[Task details] Work out the count of lines in the material where the string "linetype" shows up, and reply with it alone.

[Input data]
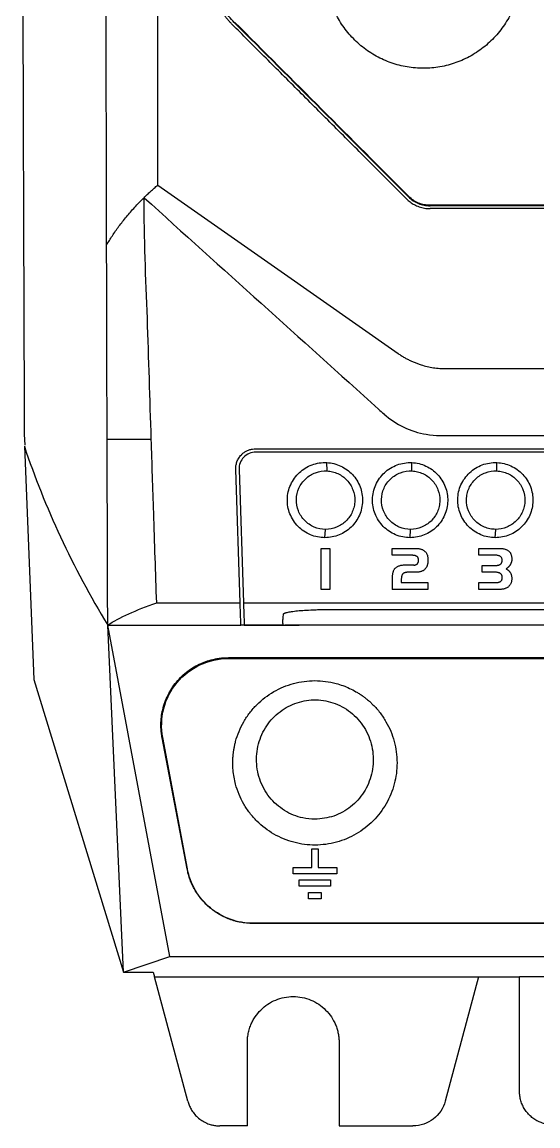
# Model space of a CAD drawing. Extents: x 86 to 639, y 68 to 658.
# Drawn here: x 287.3 to 318.3, y 308 to 374.1 of the extents above; entities that cross this region are included whole.
import ezdxf

# ---------------------------------------------------------------- set-up
doc = ezdxf.new("R2010")
doc.units = 0
doc.layers.get('0').update_dxf_attribs({"linetype": 'CONTINUOUS'})

msp = doc.modelspace()

# ---------------------------------------------------------------- linework, layer by layer
at = {"color": 7, "linetype": 'CONTINUOUS'}
for p, q in [((300.068, 374.104), (300.091, 374.126)), ((310.518, 363.654), (310.541, 363.676)), ((311.814, 363.149), (311.814, 363.118)), ((287.527, 348.783), (287.5, 349.432)), ((287.485, 348.713), (288.059, 334.749)), ((301.358, 348.564), (359.857, 348.564)), ((359.858, 348.364), (301.357, 348.364)), ((300.423, 339.342), (300.158, 347.324)), ((300.358, 347.331), (300.623, 339.342)), ((305.633, 347.236), (305.619, 347.735)), ((310.726, 347.236), (310.719, 347.736)), ((315.821, 347.237), (315.821, 347.736)), ((305.509, 343.238), (305.547, 343.738)), ((310.617, 343.238), (310.647, 343.738)), ((315.726, 343.238), (315.747, 343.738)), ((305.286, 340.136), (305.286, 342.598)), ((305.286, 342.598), (305.808, 342.598)), ((305.808, 342.598), (305.808, 340.136)), ((309.547, 342.182), (309.547, 342.598)), ((309.547, 342.598), (310.944, 342.598)), ((310.944, 342.598), (310.987, 342.598)), ((310.987, 342.598), (311.029, 342.596)), ((311.029, 342.596), (311.07, 342.592)), ((311.07, 342.592), (311.109, 342.588)), ((311.109, 342.588), (311.148, 342.583)), ((311.148, 342.583), (311.185, 342.576)), ((311.185, 342.576), (311.22, 342.568)), ((311.22, 342.568), (311.255, 342.559)), ((311.255, 342.559), (311.288, 342.548)), ((311.288, 342.548), (311.32, 342.536)), ((314.74, 342.189), (314.74, 342.598)), ((314.74, 342.598), (315.906, 342.598)), ((315.906, 342.598), (315.964, 342.598)), ((315.964, 342.598), (316.02, 342.595)), ((316.02, 342.595), (316.073, 342.592)), ((316.073, 342.592), (316.125, 342.587)), ((316.125, 342.587), (316.173, 342.58)), ((316.173, 342.58), (316.22, 342.572)), ((316.22, 342.572), (316.264, 342.562)), ((316.264, 342.562), (316.306, 342.552)), ((316.306, 342.552), (316.346, 342.539)), ((310.714, 342.182), (309.547, 342.182)), ((310.743, 342.182), (310.714, 342.182)), ((310.77, 342.181), (310.743, 342.182)), ((310.797, 342.179), (310.77, 342.181)), ((310.822, 342.177), (310.797, 342.179)), ((310.846, 342.174), (310.822, 342.177)), ((310.869, 342.17), (310.846, 342.174)), ((310.892, 342.166), (310.869, 342.17)), ((310.913, 342.162), (310.892, 342.166)), ((310.932, 342.156), (310.913, 342.162)), ((310.951, 342.15), (310.932, 342.156)), ((310.969, 342.143), (310.951, 342.15)), ((310.986, 342.136), (310.969, 342.143)), ((311.002, 342.128), (310.986, 342.136)), ((311.016, 342.12), (311.002, 342.128)), ((311.03, 342.11), (311.016, 342.12)), ((311.042, 342.101), (311.03, 342.11)), ((311.052, 342.092), (311.042, 342.101)), ((311.061, 342.082), (311.052, 342.092)), ((311.07, 342.071), (311.061, 342.082)), ((311.078, 342.06), (311.07, 342.071)), ((311.085, 342.048), (311.078, 342.06)), ((311.092, 342.035), (311.085, 342.048)), ((311.098, 342.022), (311.092, 342.035)), ((311.103, 342.008), (311.098, 342.022)), ((311.108, 341.993), (311.103, 342.008)), ((311.112, 341.978), (311.108, 341.993)), ((311.115, 341.962), (311.112, 341.978)), ((311.118, 341.945), (311.115, 341.962)), ((311.12, 341.928), (311.118, 341.945)), ((311.122, 341.91), (311.12, 341.928)), ((311.123, 341.891), (311.122, 341.91)), ((311.123, 341.872), (311.123, 341.891)), ((311.32, 342.536), (311.35, 342.523)), ((311.35, 342.523), (311.379, 342.509)), ((311.379, 342.509), (311.407, 342.493)), ((311.407, 342.493), (311.434, 342.477)), ((311.434, 342.477), (311.459, 342.459)), ((311.459, 342.459), (311.483, 342.44)), ((311.483, 342.44), (311.508, 342.417)), ((311.508, 342.417), (311.531, 342.393)), ((311.531, 342.393), (311.553, 342.368)), ((311.553, 342.368), (311.573, 342.341)), ((311.573, 342.341), (311.591, 342.313)), ((311.591, 342.313), (311.608, 342.284)), ((311.608, 342.284), (311.623, 342.252)), ((311.623, 342.252), (311.637, 342.22)), ((311.637, 342.22), (311.649, 342.186)), ((311.649, 342.186), (311.659, 342.15)), ((311.659, 342.15), (311.668, 342.113)), ((311.668, 342.113), (311.675, 342.075)), ((311.675, 342.075), (311.681, 342.035)), ((311.681, 342.035), (311.685, 341.994)), ((311.685, 341.994), (311.687, 341.951)), ((311.687, 341.951), (311.688, 341.907)), ((311.688, 341.907), (311.687, 341.863)), ((315.726, 342.189), (314.74, 342.189)), ((315.775, 342.188), (315.726, 342.189)), ((315.821, 342.184), (315.775, 342.188)), ((315.864, 342.178), (315.821, 342.184)), ((315.904, 342.17), (315.864, 342.178)), ((315.941, 342.158), (315.904, 342.17)), ((315.974, 342.145), (315.941, 342.158)), ((316.004, 342.129), (315.974, 342.145)), ((316.031, 342.111), (316.004, 342.129)), ((316.055, 342.091), (316.031, 342.111)), ((316.076, 342.068), (316.055, 342.091)), ((316.093, 342.042), (316.076, 342.068)), ((316.108, 342.014), (316.093, 342.042)), ((316.119, 341.984), (316.108, 342.014)), ((316.127, 341.951), (316.119, 341.984)), ((316.132, 341.916), (316.127, 341.951)), ((316.133, 341.879), (316.132, 341.916)), ((316.346, 342.539), (316.383, 342.525)), ((316.383, 342.525), (316.418, 342.51)), ((316.418, 342.51), (316.451, 342.493)), ((316.451, 342.493), (316.482, 342.475)), ((316.482, 342.475), (316.51, 342.455)), ((316.51, 342.455), (316.536, 342.434)), ((316.536, 342.434), (316.56, 342.411)), ((316.56, 342.411), (316.578, 342.391)), ((316.578, 342.391), (316.596, 342.369)), ((316.596, 342.369), (316.611, 342.346)), ((316.611, 342.346), (316.626, 342.322)), ((316.626, 342.322), (316.64, 342.297)), ((316.64, 342.297), (316.652, 342.27)), ((316.652, 342.27), (316.664, 342.243)), ((316.664, 342.243), (316.674, 342.214)), ((316.674, 342.214), (316.682, 342.183)), ((316.682, 342.183), (316.69, 342.152)), ((316.69, 342.152), (316.697, 342.119)), ((316.697, 342.119), (316.702, 342.086)), ((316.702, 342.086), (316.706, 342.051)), ((316.706, 342.051), (316.709, 342.015)), ((316.709, 342.015), (316.711, 341.977)), ((316.71, 341.898), (316.709, 341.878)), ((316.711, 341.918), (316.71, 341.898)), ((316.711, 341.977), (316.712, 341.939)), ((316.712, 341.939), (316.711, 341.918)), ((309.604, 341.233), (309.592, 341.2)), ((309.618, 341.264), (309.604, 341.233)), ((309.633, 341.294), (309.618, 341.264)), ((309.65, 341.322), (309.633, 341.294)), ((309.667, 341.348), (309.65, 341.322)), ((309.687, 341.372), (309.667, 341.348)), ((309.708, 341.395), (309.687, 341.372)), ((309.73, 341.416), (309.708, 341.395)), ((309.756, 341.438), (309.73, 341.416)), ((309.785, 341.459), (309.756, 341.438)), ((309.815, 341.477), (309.785, 341.459)), ((309.848, 341.495), (309.815, 341.477)), ((309.884, 341.511), (309.848, 341.495)), ((309.921, 341.526), (309.884, 341.511)), ((309.961, 341.539), (309.921, 341.526)), ((310.003, 341.551), (309.961, 341.539)), ((310.047, 341.562), (310.003, 341.551)), ((310.094, 341.571), (310.047, 341.562)), ((310.143, 341.579), (310.094, 341.571)), ((310.194, 341.585), (310.143, 341.579)), ((310.247, 341.59), (310.194, 341.585)), ((310.303, 341.594), (310.247, 341.59)), ((310.361, 341.596), (310.303, 341.594)), ((310.421, 341.596), (310.361, 341.596)), ((310.838, 341.596), (310.853, 341.597)), ((310.853, 341.597), (310.868, 341.597)), ((310.868, 341.597), (310.882, 341.599)), ((310.882, 341.599), (310.897, 341.601)), ((310.897, 341.601), (310.911, 341.603)), ((310.911, 341.603), (310.924, 341.607)), ((310.924, 341.607), (310.937, 341.61)), ((310.937, 341.61), (310.951, 341.615)), ((310.951, 341.615), (310.963, 341.62)), ((310.963, 341.62), (310.975, 341.625)), ((310.975, 341.625), (310.987, 341.631)), ((310.987, 341.631), (310.999, 341.638)), ((310.999, 341.638), (311.01, 341.645)), ((311.01, 341.645), (311.021, 341.653)), ((311.021, 341.653), (311.032, 341.661)), ((311.032, 341.661), (311.042, 341.67)), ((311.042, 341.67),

[Response area] 2